REQUIRED WORK. Only the lines from the start of the data below through the line that contains "#9=PRODUCT_DEFINITION_SHAPE('','',#8);" are to be copied, exactly and without pictures.

Stored data entries
********************
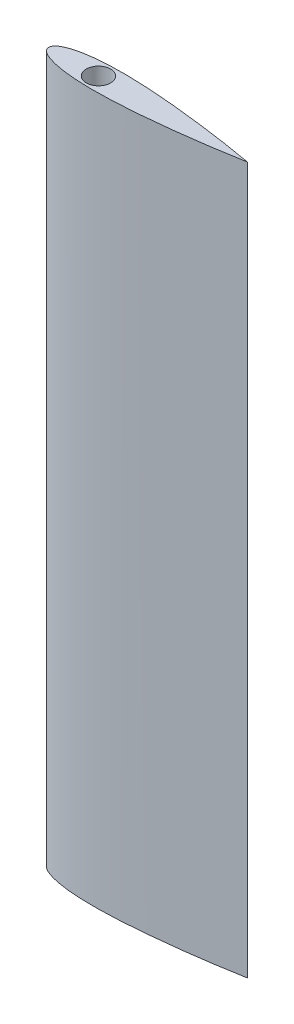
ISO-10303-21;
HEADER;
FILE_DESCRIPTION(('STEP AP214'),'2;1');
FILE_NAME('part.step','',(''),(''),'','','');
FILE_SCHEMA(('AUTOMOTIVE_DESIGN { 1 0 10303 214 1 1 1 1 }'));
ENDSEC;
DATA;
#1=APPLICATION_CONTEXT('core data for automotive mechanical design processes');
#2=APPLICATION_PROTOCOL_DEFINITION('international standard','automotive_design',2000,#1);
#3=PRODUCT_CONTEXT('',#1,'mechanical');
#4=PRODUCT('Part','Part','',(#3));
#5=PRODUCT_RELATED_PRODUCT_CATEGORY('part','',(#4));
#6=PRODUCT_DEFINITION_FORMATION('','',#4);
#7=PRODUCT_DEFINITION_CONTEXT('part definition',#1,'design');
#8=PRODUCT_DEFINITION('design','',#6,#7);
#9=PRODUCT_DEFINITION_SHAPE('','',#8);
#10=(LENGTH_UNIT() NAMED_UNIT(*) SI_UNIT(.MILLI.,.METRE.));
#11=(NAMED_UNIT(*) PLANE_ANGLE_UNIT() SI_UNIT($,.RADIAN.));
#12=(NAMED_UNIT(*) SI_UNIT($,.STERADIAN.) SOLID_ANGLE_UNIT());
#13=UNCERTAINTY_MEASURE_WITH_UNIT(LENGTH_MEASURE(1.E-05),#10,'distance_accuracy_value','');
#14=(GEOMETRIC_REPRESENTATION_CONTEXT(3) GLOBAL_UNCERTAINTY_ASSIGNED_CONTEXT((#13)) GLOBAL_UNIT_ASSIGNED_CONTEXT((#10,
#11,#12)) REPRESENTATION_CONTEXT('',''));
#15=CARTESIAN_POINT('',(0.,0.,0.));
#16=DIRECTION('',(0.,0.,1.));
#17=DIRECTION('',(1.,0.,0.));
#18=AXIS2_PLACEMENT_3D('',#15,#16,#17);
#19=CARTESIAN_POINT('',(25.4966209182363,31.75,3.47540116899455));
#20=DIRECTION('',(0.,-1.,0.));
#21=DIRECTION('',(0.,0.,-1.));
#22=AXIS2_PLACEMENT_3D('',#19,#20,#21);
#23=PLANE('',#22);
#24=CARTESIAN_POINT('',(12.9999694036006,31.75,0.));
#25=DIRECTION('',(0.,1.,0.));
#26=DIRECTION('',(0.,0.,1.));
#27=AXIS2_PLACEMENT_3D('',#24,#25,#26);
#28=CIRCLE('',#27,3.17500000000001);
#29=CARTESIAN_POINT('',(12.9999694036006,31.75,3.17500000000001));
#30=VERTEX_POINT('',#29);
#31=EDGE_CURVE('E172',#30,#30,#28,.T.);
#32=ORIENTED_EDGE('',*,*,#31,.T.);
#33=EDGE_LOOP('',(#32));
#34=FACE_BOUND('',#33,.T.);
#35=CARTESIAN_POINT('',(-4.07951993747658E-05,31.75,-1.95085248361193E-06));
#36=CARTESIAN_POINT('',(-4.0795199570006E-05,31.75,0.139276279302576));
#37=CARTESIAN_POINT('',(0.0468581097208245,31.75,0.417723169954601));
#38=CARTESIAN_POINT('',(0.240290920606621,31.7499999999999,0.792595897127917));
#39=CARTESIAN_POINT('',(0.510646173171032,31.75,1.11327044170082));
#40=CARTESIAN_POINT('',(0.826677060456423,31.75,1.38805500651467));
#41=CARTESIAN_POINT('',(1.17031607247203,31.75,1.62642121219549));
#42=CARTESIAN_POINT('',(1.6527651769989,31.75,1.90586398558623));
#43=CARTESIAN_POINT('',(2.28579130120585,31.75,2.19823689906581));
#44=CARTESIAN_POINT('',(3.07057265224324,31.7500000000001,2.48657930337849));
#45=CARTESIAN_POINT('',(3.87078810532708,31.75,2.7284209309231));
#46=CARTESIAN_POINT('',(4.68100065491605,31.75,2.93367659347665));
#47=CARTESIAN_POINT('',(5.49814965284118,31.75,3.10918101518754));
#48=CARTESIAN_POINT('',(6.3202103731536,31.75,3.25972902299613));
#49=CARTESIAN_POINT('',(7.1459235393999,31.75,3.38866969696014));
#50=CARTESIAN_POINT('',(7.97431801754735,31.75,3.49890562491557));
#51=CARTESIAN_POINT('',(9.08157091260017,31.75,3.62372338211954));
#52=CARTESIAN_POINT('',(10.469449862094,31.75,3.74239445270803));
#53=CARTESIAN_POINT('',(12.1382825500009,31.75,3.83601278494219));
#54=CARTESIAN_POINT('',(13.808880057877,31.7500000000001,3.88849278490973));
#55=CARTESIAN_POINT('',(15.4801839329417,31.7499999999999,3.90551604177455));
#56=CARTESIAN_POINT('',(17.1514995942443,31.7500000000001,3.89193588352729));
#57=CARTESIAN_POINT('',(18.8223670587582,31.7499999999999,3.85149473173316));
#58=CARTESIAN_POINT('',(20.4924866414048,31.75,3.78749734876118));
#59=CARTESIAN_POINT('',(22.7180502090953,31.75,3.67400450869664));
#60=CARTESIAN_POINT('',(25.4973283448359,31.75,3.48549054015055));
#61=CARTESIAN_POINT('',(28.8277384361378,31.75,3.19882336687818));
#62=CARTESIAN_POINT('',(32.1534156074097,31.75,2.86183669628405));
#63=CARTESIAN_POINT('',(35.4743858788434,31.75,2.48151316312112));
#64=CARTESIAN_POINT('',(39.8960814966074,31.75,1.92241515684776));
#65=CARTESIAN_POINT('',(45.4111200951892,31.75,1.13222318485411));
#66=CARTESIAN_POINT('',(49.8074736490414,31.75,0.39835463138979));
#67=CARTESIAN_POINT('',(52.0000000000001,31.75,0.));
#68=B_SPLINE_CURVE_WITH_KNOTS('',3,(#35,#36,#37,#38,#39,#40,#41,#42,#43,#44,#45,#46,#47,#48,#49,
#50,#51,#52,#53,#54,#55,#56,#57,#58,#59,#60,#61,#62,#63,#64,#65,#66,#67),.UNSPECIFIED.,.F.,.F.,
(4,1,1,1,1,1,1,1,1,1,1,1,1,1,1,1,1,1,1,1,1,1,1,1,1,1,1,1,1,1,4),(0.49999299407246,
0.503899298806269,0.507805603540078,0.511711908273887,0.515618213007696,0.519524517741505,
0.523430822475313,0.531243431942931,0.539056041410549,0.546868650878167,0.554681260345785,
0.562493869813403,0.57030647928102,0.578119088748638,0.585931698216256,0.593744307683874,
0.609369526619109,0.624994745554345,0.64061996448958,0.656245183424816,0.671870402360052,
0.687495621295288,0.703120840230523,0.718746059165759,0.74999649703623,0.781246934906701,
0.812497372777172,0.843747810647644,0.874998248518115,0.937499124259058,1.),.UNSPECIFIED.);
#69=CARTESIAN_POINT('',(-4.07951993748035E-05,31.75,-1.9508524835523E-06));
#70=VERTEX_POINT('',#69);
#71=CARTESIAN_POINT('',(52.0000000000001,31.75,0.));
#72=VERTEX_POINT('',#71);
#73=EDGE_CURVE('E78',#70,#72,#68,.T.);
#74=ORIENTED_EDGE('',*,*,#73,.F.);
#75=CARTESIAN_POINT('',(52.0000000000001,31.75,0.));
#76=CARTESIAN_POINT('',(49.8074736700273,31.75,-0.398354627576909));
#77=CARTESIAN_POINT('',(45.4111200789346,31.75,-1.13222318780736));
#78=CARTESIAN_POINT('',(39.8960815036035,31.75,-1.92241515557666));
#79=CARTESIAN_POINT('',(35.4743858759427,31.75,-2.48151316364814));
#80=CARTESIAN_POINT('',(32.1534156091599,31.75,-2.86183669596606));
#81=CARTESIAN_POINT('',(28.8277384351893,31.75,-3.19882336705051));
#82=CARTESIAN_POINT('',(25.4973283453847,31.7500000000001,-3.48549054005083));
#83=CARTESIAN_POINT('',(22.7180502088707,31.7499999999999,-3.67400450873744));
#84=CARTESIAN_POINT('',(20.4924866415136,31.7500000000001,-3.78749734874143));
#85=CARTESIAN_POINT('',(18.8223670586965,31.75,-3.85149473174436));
********************
TASK RESULT.
ISO-10303-21;
HEADER;
FILE_DESCRIPTION(('STEP AP214'),'2;1');
FILE_NAME('part.step','',(''),(''),'','','');
FILE_SCHEMA(('AUTOMOTIVE_DESIGN { 1 0 10303 214 1 1 1 1 }'));
ENDSEC;
DATA;
#1=APPLICATION_CONTEXT('core data for automotive mechanical design processes');
#2=APPLICATION_PROTOCOL_DEFINITION('international standard','automotive_design',2000,#1);
#3=PRODUCT_CONTEXT('',#1,'mechanical');
#4=PRODUCT('Part','Part','',(#3));
#5=PRODUCT_RELATED_PRODUCT_CATEGORY('part','',(#4));
#6=PRODUCT_DEFINITION_FORMATION('','',#4);
#7=PRODUCT_DEFINITION_CONTEXT('part definition',#1,'design');
#8=PRODUCT_DEFINITION('design','',#6,#7);
#9=PRODUCT_DEFINITION_SHAPE('','',#8);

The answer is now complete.